**Supplied information:**
--- START ---

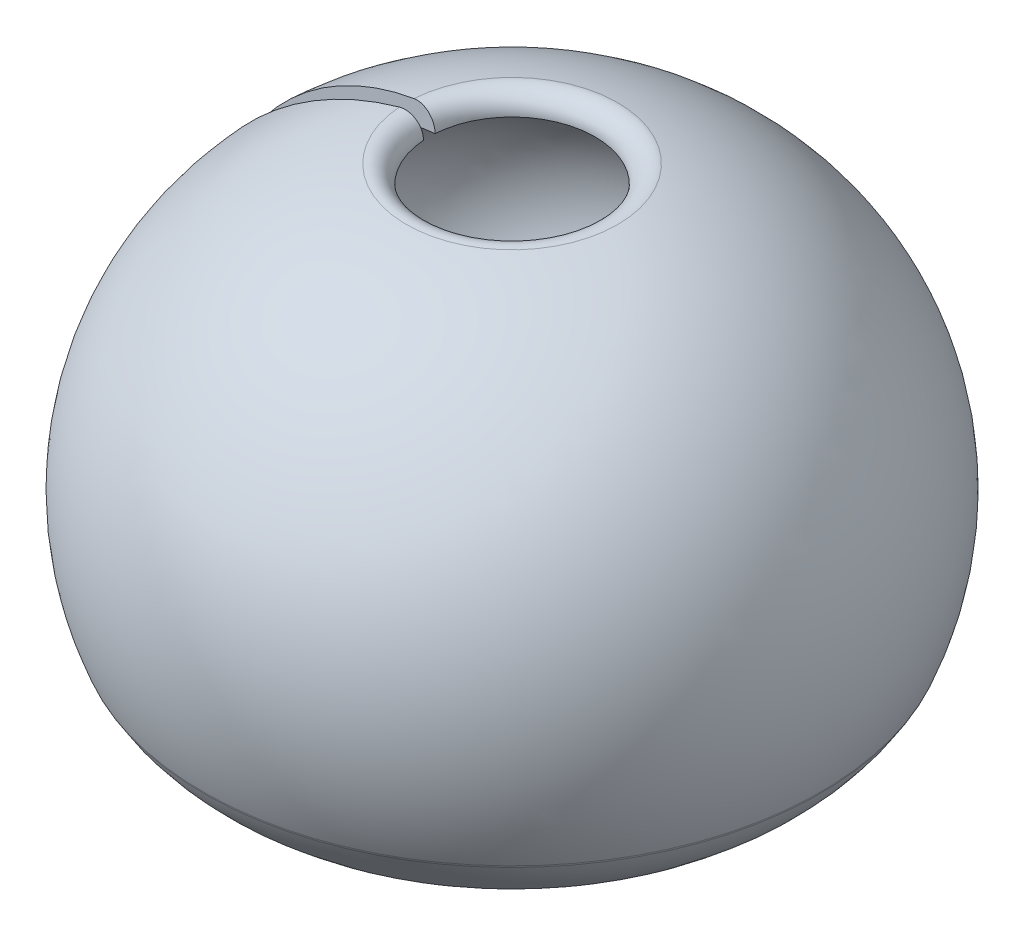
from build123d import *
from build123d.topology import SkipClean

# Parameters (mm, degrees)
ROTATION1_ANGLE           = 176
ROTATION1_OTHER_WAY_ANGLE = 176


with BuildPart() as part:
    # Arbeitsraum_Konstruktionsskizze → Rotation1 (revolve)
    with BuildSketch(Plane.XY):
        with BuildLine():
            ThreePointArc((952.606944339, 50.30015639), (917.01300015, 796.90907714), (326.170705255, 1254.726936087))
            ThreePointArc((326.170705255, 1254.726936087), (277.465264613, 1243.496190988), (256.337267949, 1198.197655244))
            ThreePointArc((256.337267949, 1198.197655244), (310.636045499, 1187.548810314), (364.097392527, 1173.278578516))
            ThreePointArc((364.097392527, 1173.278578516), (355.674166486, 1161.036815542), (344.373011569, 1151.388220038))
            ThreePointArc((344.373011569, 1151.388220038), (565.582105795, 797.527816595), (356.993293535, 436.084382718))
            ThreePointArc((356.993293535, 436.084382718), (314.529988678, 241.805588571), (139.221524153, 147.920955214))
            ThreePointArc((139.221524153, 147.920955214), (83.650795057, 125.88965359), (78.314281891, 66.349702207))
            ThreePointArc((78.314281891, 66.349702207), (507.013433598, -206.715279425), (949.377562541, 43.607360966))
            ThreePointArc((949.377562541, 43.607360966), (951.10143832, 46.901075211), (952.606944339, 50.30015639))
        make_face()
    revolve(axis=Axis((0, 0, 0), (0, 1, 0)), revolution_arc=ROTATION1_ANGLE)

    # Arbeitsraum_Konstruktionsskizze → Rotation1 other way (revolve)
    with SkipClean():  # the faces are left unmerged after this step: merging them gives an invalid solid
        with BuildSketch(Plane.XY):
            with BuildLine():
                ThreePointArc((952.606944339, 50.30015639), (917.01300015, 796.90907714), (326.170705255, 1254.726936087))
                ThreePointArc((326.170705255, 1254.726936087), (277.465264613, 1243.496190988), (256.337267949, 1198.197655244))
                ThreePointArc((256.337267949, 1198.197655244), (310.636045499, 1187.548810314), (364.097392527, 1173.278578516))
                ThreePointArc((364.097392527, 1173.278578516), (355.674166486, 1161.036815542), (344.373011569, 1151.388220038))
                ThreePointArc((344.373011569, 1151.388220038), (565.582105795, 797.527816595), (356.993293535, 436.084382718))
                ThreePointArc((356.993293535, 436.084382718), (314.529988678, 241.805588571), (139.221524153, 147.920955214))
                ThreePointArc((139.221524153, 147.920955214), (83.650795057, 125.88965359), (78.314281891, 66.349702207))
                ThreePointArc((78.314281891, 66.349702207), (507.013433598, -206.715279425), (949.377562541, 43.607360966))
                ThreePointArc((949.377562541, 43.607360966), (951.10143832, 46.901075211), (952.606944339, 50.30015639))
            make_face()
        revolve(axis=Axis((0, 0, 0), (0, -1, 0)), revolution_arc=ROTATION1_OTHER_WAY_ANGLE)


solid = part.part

--- END ---

**Exercise instructions:**
Lines holding "BuildSketch" in the material above: report their number and nothing else.

**Answer:**
2